I’ve never wanted to be a Princess. Mostly because I never truly thought I could be one.
I remember the first time I saw Tiana. She looked like me. It was 2009 and for the first time, Disney gave little Black girls their first taste of what it was like for the fairest of them all to be Black.
Tiana exemplified the epitome of what life told us it meant to be a strong Black woman: responsible, a bit sassy, and dedicated to her family. She was fiercely independent, with a story that sung a soulful song of the honor and pressure felt by Black women to fulfill the dreams of their loved ones, safeguard their culture, and place the needs of others before their own.
Our princess — with beautiful cocoa flesh, a wide nose, and slicked up hair — charmed all of the little Black girls and grown Black women who longed to see a princess they could relate to grace the screen. We tried to be hopeful witnessing the first “Black princess” in pixels. But we were very quickly reminded that the world refuses to view us with such grandeur.
She was a frog for most of the movie.
Thus, at seven years old, I was faced with the reality that Black women and girls are always strong, resilient, and magical, but even in the mythical realm of Disney movies, we are often left little room to be human. So, I skipped over childhood dreams of becoming a princess because for little girls like me, I knew it meant that my real-life character arc would fall short of a whimsical tale. Unlike the Auroras, Belles, and Cinderellas of the world, my “fairytale” was destined to be disrupted by an animalistic coming to princessdom.
How could I be a princess if the world couldn’t fathom me as human?
I remember the first time the media announced that the second son of the people’s princess was to be married. To a Black woman. I was getting a do-over. A real life princess was made up of half the same stuff as me.
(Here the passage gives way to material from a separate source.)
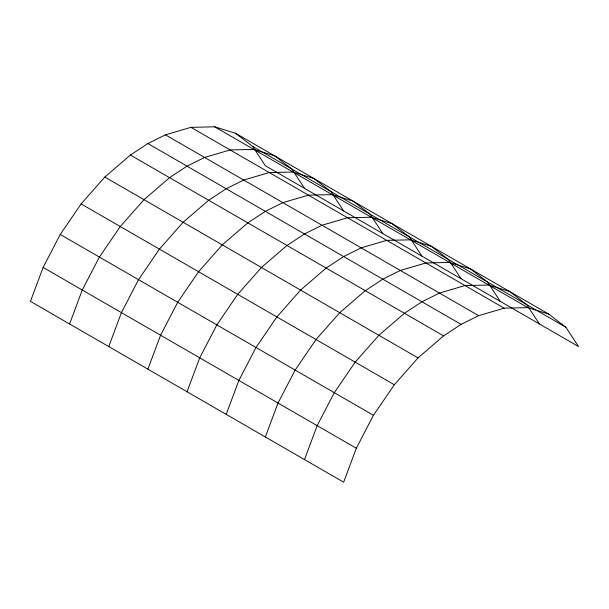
<?xml version="1.0" encoding="UTF-8"?>
<svg xmlns="http://www.w3.org/2000/svg" width="609" height="609" viewBox="0 0 609 609"><rect width="100%" height="100%" fill="white"/><g stroke="black" fill="none" stroke-linecap="round" stroke-linejoin="round"><path stroke-width="0.91" d="M43.117 267.42L30.45 301.364L343.651 482.183L356.318 448.247L373.454 415.3L394.32 384.743L418.033 357.894L443.58 335.886L461.097 324.376L478.613 315.66L504.168 308.169L527.881 307.636L548.747 314.092L565.883 327.254L578.55 346.567L265.349 165.747L252.682 146.434L235.546 133.264L214.68 126.817L190.967 127.342L165.42 134.833L147.903 143.549L130.387 155.059L104.832 177.067L81.119 203.924L60.253 234.473L43.117 267.42L356.318 448.247M69.601 323.965L82.268 290.021L99.404 257.074L120.27 226.525L143.983 199.676L169.53 177.668L187.047 166.158L204.563 157.442L230.118 149.951L253.831 149.418L274.697 155.874L291.833 169.036L304.5 188.348M108.752 346.567L121.419 312.63L138.555 279.676L159.421 249.127L183.134 222.277L208.681 200.27L226.198 188.76L243.714 180.043L269.262 172.553L292.975 172.02L313.848 178.475L330.984 191.637L343.651 210.95M147.903 369.168L160.57 335.232L177.706 302.285L198.572 271.728L222.285 244.879L247.833 222.871L265.349 211.361L282.865 202.645L308.413 195.154L332.126 194.621L352.999 201.077L370.127 214.239L382.802 233.552M187.047 391.777L199.722 357.833L216.857 324.886L237.723 294.337L261.436 267.48L286.984 245.473L304.5 233.963L322.016 225.246L347.564 217.756L371.277 217.223L392.143 223.678L409.278 236.84L421.953 256.153M226.198 414.379L238.873 380.435L256.001 347.488L276.874 316.939L300.587 290.082L326.135 268.074L343.651 256.564L361.167 247.848L386.715 240.357L410.428 239.832L431.294 246.28L448.43 259.449L461.097 278.762M265.349 436.98L278.016 403.036L295.152 370.089L316.025 339.54L339.738 312.691L365.286 290.683L382.802 279.173L400.319 270.457L425.866 262.966L449.579 262.433L470.445 268.889L487.581 282.051L500.248 301.364M304.5 459.582L317.167 425.645L334.303 392.691L355.169 362.142L378.882 335.293L404.437 313.285L421.953 301.775L439.47 293.058L465.017 285.568L488.73 285.035L509.596 291.49L526.732 304.652L539.399 323.965M235.546 133.264L548.747 314.092M252.682 146.434L565.883 327.254M214.68 126.817L527.881 307.636M190.967 127.342L504.168 308.169M165.42 134.833L478.613 315.66M147.903 143.549L461.097 324.376M130.387 155.059L443.58 335.886M104.832 177.067L418.033 357.894M81.119 203.924L394.32 384.743M60.253 234.473L373.454 415.3"/></g></svg>

Like Tiana, she is responsible, sassy, dedicated to her family, and fiercely independent. And because this was real life and I was now 17, I was sure she’d be a princess that nobody could turn into a frog, whose growth and character would not be entrapped by slimy mucus-drenched skin in a body that didn’t belong to her.
And again, Black women tried to be hopeful witnessing the first “Black princess” in real life. But we were quickly confronted with the reality that the rest of the world wouldn’t watch cheerfully alongside us.
The British press conjured up defamatory headlines and pieces with racial undertones. The family Meghan Markle married sent her to photo-ops and royal engagements while they whispered their concerns about the potential darkness of her unborn child’s skin. She was vilified and slowly deprived of her humanity, as though she were some undesirable creature whose “exotic” DNA would plague the royal family.
Black American women lay awake at night sending hushed prayers into the universe for Meghan’s emotional and physical safety. We were afraid because we knew better than to believe that the colorism that opened the doors would shield her from the anti-Blackness that would ultimately throw her out. We know better than to believe that our princess could ever truly be considered royal, especially knowing that the world fears any ounce of Blackness that threatens to permeate its perfectly constructed white castles. In fact, some would kill us over it.
When Prince Harvard bestowed upon me a fateful kiss, I’d hoped that I could slay the villains that had robbed me of the fantastical dreams of Black princessdom. But the truth is, both inside and outside of this white castle, that this little Black girl cannot want to be a princess, mostly because she knows the world would never let her be one.
When we die, nobody says our names. Nobody cries at our funerals. Harvard doesn’t offer commiseration. What’s more, though, is that when we’re living the world would rather see us contorted and distorted in pixels and in person — holding our breath until we reach the brink of death — than hold us in high regard.
I know we don’t need titles or the world’s permission to be royalty. Black women will still rise. We are royalty in our own right. But the “fairytales” written for princesses that look like me have always insinuated that the happy endings never come unless we first let the world strip us of our skin and morph us into something, or someone, we can barely recognize — all while fighting the scariest of villains, the darkest of demons, and the centuries of violence at the hands of misogynoir.
Kyla N. Golding ’24 is a Crimson Editorial comper in Adams House.